Action item
Exclude the images and transcribe the entries below precisely.

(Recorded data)

╭──

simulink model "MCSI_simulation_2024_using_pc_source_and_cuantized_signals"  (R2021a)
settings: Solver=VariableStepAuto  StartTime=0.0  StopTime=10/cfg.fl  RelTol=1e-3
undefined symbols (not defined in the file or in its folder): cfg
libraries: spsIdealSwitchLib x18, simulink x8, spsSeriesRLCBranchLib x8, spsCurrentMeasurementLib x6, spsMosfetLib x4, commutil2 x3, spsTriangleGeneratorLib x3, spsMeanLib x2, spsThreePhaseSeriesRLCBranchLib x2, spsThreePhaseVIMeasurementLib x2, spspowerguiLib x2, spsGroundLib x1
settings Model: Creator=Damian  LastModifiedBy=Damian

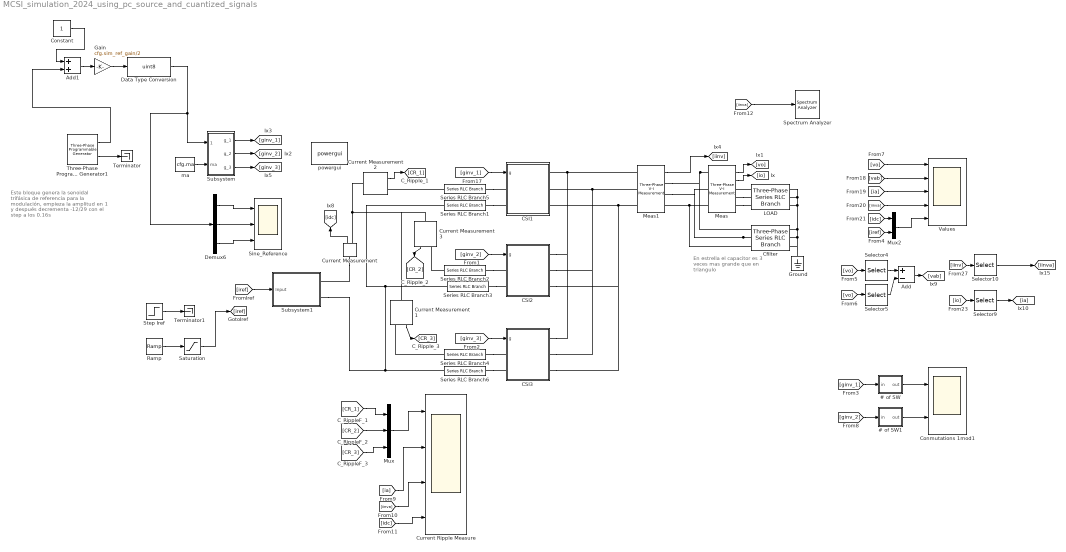
== system MCSI_simulation_2024_using_pc_source_and_cuantized_signals ==
  note: Este bloque genera la senoidal
      | trifásica de referencia para la
      | modulación, empieza la amplitud
      | en 1 y después decrementa -12/29
      | con el step a los 0.16s
  note: En estrella el capacitor
      | es 3 veces mas grande
      | que en triangulo
  # of SW : Subsystem
  # of SW1 : Subsystem
  Add : Sum  Inputs=+-
  Add1 : Sum
  CSI1 : Subsystem
  CSI2 : Subsystem
  CSI3 : Subsystem
  Cfilter : spsThreePhaseSeriesRLCBranchLib/Three-Phase Series RLC Branch  LConnTagsString=A|B|C  RConnTagsString=A|B|C  BranchType=C  Resistance=1  Inductance=cfg.c  Capacitance=cfg.c  Measurements=None
  Conmutations 1mod1 : Scope  NumInputPorts=2
  Constant : Constant
  Current Measurement{,1..3} (4 alike) : spsCurrentMeasurementLib/Current Measurement  PhasorSimulation=off  OutputType=Complex  PSBequivalent=0
  Current Ripple Measure : Scope  NumInputPorts=4
  Data Type Conversion : DataTypeConversion  OutDataTypeStr=uint8
  Demux6 : Demux  Outputs=3
  Gain : Gain  Gain=cfg.sim_ref_gain/2
  Ground : spsGroundLib/Ground  LConnTagsString=a
  LOAD : spsThreePhaseSeriesRLCBranchLib/Three-Phase Series RLC Branch  LConnTagsString=A|B|C  RConnTagsString=A|B|C  BranchType=RL  Resistance=cfg.r  Inductance=cfg.l  Capacitance=1e-6  Measurements=None
  Meas : spsThreePhaseVIMeasurementLib/Three-Phase V-I Measurement  VoltageMeasurement=phase-to-ground  SetLabelV=off  LabelV=Vabc  Vpu=off  VpuLL=off  CurrentMeasurement=yes  SetLabelI=off  LabelI=Iabc  Ipu=off  Pbase=100e6  Vbase=500e3  OutputType=Complex  PhasorSimulation=off  PSBequivalent=0
  Meas1 : spsThreePhaseVIMeasurementLib/Three-Phase V-I Measurement  VoltageMeasurement=no  SetLabelV=off  LabelV=Vabc  Vpu=off  VpuLL=off  CurrentMeasurement=yes  SetLabelI=off  LabelI=Iabc  Ipu=off  Pbase=100e6  Vbase=500e3  OutputType=Complex  PhasorSimulation=off  PSBequivalent=0
  Mux : Mux  Inputs=3
  Mux2 : Mux  Inputs=2
  Ramp : simulink/Sources/Ramp  slope=cfg.iref/cfg.cs_soft_start_time  start=0  InitialOutput=0
  Saturation : Saturate  UpperLimit=cfg.iref  LowerLimit=0
  Selector10 : Selector  InputPortWidth=3  IndexOptions=Index vector (dialog)  Indices=1  OutputSizes=1
  Selector4 : Selector  InputPortWidth=3  IndexOptions=Index vector (dialog)  Indices=1  OutputSizes=1
  Selector5 : Selector  InputPortWidth=3  IndexOptions=Index vector (dialog)  Indices=2  OutputSizes=1
  Selector9 : Selector  InputPortWidth=3  IndexOptions=Index vector (dialog)  Indices=1  OutputSizes=1
  Series RLC Branch{1..6} (6 alike) : spsSeriesRLCBranchLib/Series RLC Branch  LConnTagsString=__new0  RConnTagsString=__new0  BranchType=RL  Resistance=cfg.sharing_R  Inductance=cfg.sharing_L  SetiL0=off  InitialCurrent=0  Capacitance=1e-6  Setx0=off  InitialVoltage=0  Measurements=None
  Sine_Reference : Scope  NumInputPorts=3
  Spectrum Analyzer : SpectrumAnalyzer
  Step Iref : Step  Time=12/cfg.fl  Before=cfg.iref  After=0.6*cfg.iref  SampleTime=cfg.ts
  Subsystem : Subsystem
  Subsystem1 : Subsystem
  Terminator : Terminator
  Terminator1 : Terminator
  Three-Phase Programmable Generator1 : spsThreePhaseProgrammableGeneratorLib/Three-Phase Programmable Generator  Par_Vps=[0.9999,-30, cfg.fl]  VariationEntity=None  VariationType=Step  VariationStep=-12/29  VariationRate=10  VariationMag=0.3  VariationFreq=2  Par_Timing_Variation="[8/cfg.fl  10]"  SinglePhase=on  Yampli=[1 0.2 1.2 1.0]  Xtime=[0 0.1 0.15 0.2]  HarmonicGeneration=off  Par_HarmoA="[3  5  -25 0]"  Par_HarmoB="[5  10  35  2]"  Par_Timing_Harmo="[ 0.05  99]"  Ts=cfg.ts
      settings: SourceProductBaseCode=PS
  Values : Scope  NumInputPorts=5
  ma : Constant  Value=cfg.ma
  powergui : spspowerguiLib/powergui  Priority=1  SimulationMode=Discrete  SampleTime=cfg.ts  frequency=60  Iterations=50  frequencyindice=0  Pbase=100e6  ErrMax=1e-4  UnitsV=kV  UnitsW=MW  buscounter=0  FunctionMessages=off  echomessages=off  EnableUseOfTLC=off  CurrentSourceSwitches=off  DisableSnubberDevices=off  DisableRonSwitches=off  DisableVfSwitches=off  DisplayEquations=off  AutomaticDiscreteSolvers=off  SolverType=Backward Euler  Interpol=off  ExternalGateDelay=off  methode=off  Ts=0  x0status=blocks  SPID=off  SwTol=0  HookPort=off  NonlinearTolerance=1e-4  nMaxIteration=100  ContinueOnMaxIteration=off  RestoreLinks=warning  ResistiveCurrentMeasurement=off  Frange=[0:2:500]  Ylog=off  Xlog=on  ShowGrid=off  save=off  variable=ZData  structure=one_mod_model  ZoomFFT=off  StartTime=0.12  cycles=1  DisplayStyle=1  fundamental=50  FreqAxis=off  MaxFrequency=1000  frequencyindicesteady=1  RmsSteady=1  display=off
  wires:
  Current Measurement/1 -> [idc]
  ma/1 -> Subsystem/2(ma)
  Subsystem/1(g_1) -> [ginv_1]
  Three-Phase Programmable Generator1/2 -> Terminator/1
  Demux6/3 -> Sine_Reference/3
  Demux6/2 -> Sine_Reference/2
  Demux6/1 -> Sine_Reference/1
  [ginv_1] -> CSI1/1(g)
  Meas/1 -> [vo]
  Meas/2 -> [io]
  Meas1/1 -> [iinv]
  [iref] -> Mux2/2
  [idc] -> Mux2/1
  Mux2/1 -> Values/5
  [vo] -> Values/1
  [iinva] -> Values/4
  [ia] -> Values/3
  [vab] -> Values/2
  [vo] -> Selector4/1
  [vo] -> Selector5/1
  Selector4/1 -> Add/1
  Selector5/1 -> Add/2
  Add/1 -> [vab]
  [iinv] -> Selector10/1
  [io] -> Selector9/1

╰──

Result for this task
simulink model "MCSI_simulation_2024_using_pc_source_and_cuantized_signals"  (R2021a)
settings: Solver=VariableStepAuto  StartTime=0.0  StopTime=10/cfg.fl  RelTol=1e-3
undefined symbols (not defined in the file or in its folder): cfg
libraries: spsIdealSwitchLib x18, simulink x8, spsSeriesRLCBranchLib x8, spsCurrentMeasurementLib x6, spsMosfetLib x4, commutil2 x3, spsTriangleGeneratorLib x3, spsMeanLib x2, spsThreePhaseSeriesRLCBranchLib x2, spsThreePhaseVIMeasurementLib x2, spspowerguiLib x2, spsGroundLib x1
settings Model: Creator=Damian  LastModifiedBy=Damian

== system MCSI_simulation_2024_using_pc_source_and_cuantized_signals ==
  note: Este bloque genera la senoidal
      | trifásica de referencia para la
      | modulación, empieza la amplitud
      | en 1 y después decrementa -12/29
      | con el step a los 0.16s
  note: En estrella el capacitor
      | es 3 veces mas grande
      | que en triangulo
  # of SW : Subsystem
  # of SW1 : Subsystem
  Add : Sum  Inputs=+-
  Add1 : Sum
  CSI1 : Subsystem
  CSI2 : Subsystem
  CSI3 : Subsystem
  Cfilter : spsThreePhaseSeriesRLCBranchLib/Three-Phase Series RLC Branch  LConnTagsString=A|B|C  RConnTagsString=A|B|C  BranchType=C  Resistance=1  Inductance=cfg.c  Capacitance=cfg.c  Measurements=None
  Conmutations 1mod1 : Scope  NumInputPorts=2
  Constant : Constant
  Current Measurement{,1..3} (4 alike) : spsCurrentMeasurementLib/Current Measurement  PhasorSimulation=off  OutputType=Complex  PSBequivalent=0
  Current Ripple Measure : Scope  NumInputPorts=4
  Data Type Conversion : DataTypeConversion  OutDataTypeStr=uint8
  Demux6 : Demux  Outputs=3
  Gain : Gain  Gain=cfg.sim_ref_gain/2
  Ground : spsGroundLib/Ground  LConnTagsString=a
  LOAD : spsThreePhaseSeriesRLCBranchLib/Three-Phase Series RLC Branch  LConnTagsString=A|B|C  RConnTagsString=A|B|C  BranchType=RL  Resistance=cfg.r  Inductance=cfg.l  Capacitance=1e-6  Measurements=None
  Meas : spsThreePhaseVIMeasurementLib/Three-Phase V-I Measurement  VoltageMeasurement=phase-to-ground  SetLabelV=off  LabelV=Vabc  Vpu=off  VpuLL=off  CurrentMeasurement=yes  SetLabelI=off  LabelI=Iabc  Ipu=off  Pbase=100e6  Vbase=500e3  OutputType=Complex  PhasorSimulation=off  PSBequivalent=0
  Meas1 : spsThreePhaseVIMeasurementLib/Three-Phase V-I Measurement  VoltageMeasurement=no  SetLabelV=off  LabelV=Vabc  Vpu=off  VpuLL=off  CurrentMeasurement=yes  SetLabelI=off  LabelI=Iabc  Ipu=off  Pbase=100e6  Vbase=500e3  OutputType=Complex  PhasorSimulation=off  PSBequivalent=0
  Mux : Mux  Inputs=3
  Mux2 : Mux  Inputs=2
  Ramp : simulink/Sources/Ramp  slope=cfg.iref/cfg.cs_soft_start_time  start=0  InitialOutput=0
  Saturation : Saturate  UpperLimit=cfg.iref  LowerLimit=0
  Selector10 : Selector  InputPortWidth=3  IndexOptions=Index vector (dialog)  Indices=1  OutputSizes=1
  Selector4 : Selector  InputPortWidth=3  IndexOptions=Index vector (dialog)  Indices=1  OutputSizes=1
  Selector5 : Selector  InputPortWidth=3  IndexOptions=Index vector (dialog)  Indices=2  OutputSizes=1
  Selector9 : Selector  InputPortWidth=3  IndexOptions=Index vector (dialog)  Indices=1  OutputSizes=1
  Series RLC Branch{1..6} (6 alike) : spsSeriesRLCBranchLib/Series RLC Branch  LConnTagsString=__new0  RConnTagsString=__new0  BranchType=RL  Resistance=cfg.sharing_R  Inductance=cfg.sharing_L  SetiL0=off  InitialCurrent=0  Capacitance=1e-6  Setx0=off  InitialVoltage=0  Measurements=None
  Sine_Reference : Scope  NumInputPorts=3
  Spectrum Analyzer : SpectrumAnalyzer
  Step Iref : Step  Time=12/cfg.fl  Before=cfg.iref  After=0.6*cfg.iref  SampleTime=cfg.ts
  Subsystem : Subsystem
  Subsystem1 : Subsystem
  Terminator : Terminator
  Terminator1 : Terminator
  Three-Phase Programmable Generator1 : spsThreePhaseProgrammableGeneratorLib/Three-Phase Programmable Generator  Par_Vps=[0.9999,-30, cfg.fl]  VariationEntity=None  VariationType=Step  VariationStep=-12/29  VariationRate=10  VariationMag=0.3  VariationFreq=2  Par_Timing_Variation="[8/cfg.fl  10]"  SinglePhase=on  Yampli=[1 0.2 1.2 1.0]  Xtime=[0 0.1 0.15 0.2]  HarmonicGeneration=off  Par_HarmoA="[3  5  -25 0]"  Par_HarmoB="[5  10  35  2]"  Par_Timing_Harmo="[ 0.05  99]"  Ts=cfg.ts
      settings: SourceProductBaseCode=PS
  Values : Scope  NumInputPorts=5
  ma : Constant  Value=cfg.ma
  powergui : spspowerguiLib/powergui  Priority=1  SimulationMode=Discrete  SampleTime=cfg.ts  frequency=60  Iterations=50  frequencyindice=0  Pbase=100e6  ErrMax=1e-4  UnitsV=kV  UnitsW=MW  buscounter=0  FunctionMessages=off  echomessages=off  EnableUseOfTLC=off  CurrentSourceSwitches=off  DisableSnubberDevices=off  DisableRonSwitches=off  DisableVfSwitches=off  DisplayEquations=off  AutomaticDiscreteSolvers=off  SolverType=Backward Euler  Interpol=off  ExternalGateDelay=off  methode=off  Ts=0  x0status=blocks  SPID=off  SwTol=0  HookPort=off  NonlinearTolerance=1e-4  nMaxIteration=100  ContinueOnMaxIteration=off  RestoreLinks=warning  ResistiveCurrentMeasurement=off  Frange=[0:2:500]  Ylog=off  Xlog=on  ShowGrid=off  save=off  variable=ZData  structure=one_mod_model  ZoomFFT=off  StartTime=0.12  cycles=1  DisplayStyle=1  fundamental=50  FreqAxis=off  MaxFrequency=1000  frequencyindicesteady=1  RmsSteady=1  display=off
  wires:
  Current Measurement/1 -> [idc]
  ma/1 -> Subsystem/2(ma)
  Subsystem/1(g_1) -> [ginv_1]
  Three-Phase Programmable Generator1/2 -> Terminator/1
  Demux6/3 -> Sine_Reference/3
  Demux6/2 -> Sine_Reference/2
  Demux6/1 -> Sine_Reference/1
  [ginv_1] -> CSI1/1(g)
  Meas/1 -> [vo]
  Meas/2 -> [io]
  Meas1/1 -> [iinv]
  [iref] -> Mux2/2
  [idc] -> Mux2/1
  Mux2/1 -> Values/5
  [vo] -> Values/1
  [iinva] -> Values/4
  [ia] -> Values/3
  [vab] -> Values/2
  [vo] -> Selector4/1
  [vo] -> Selector5/1
  Selector4/1 -> Add/1
  Selector5/1 -> Add/2
  Add/1 -> [vab]
  [iinv] -> Selector10/1
  [io] -> Selector9/1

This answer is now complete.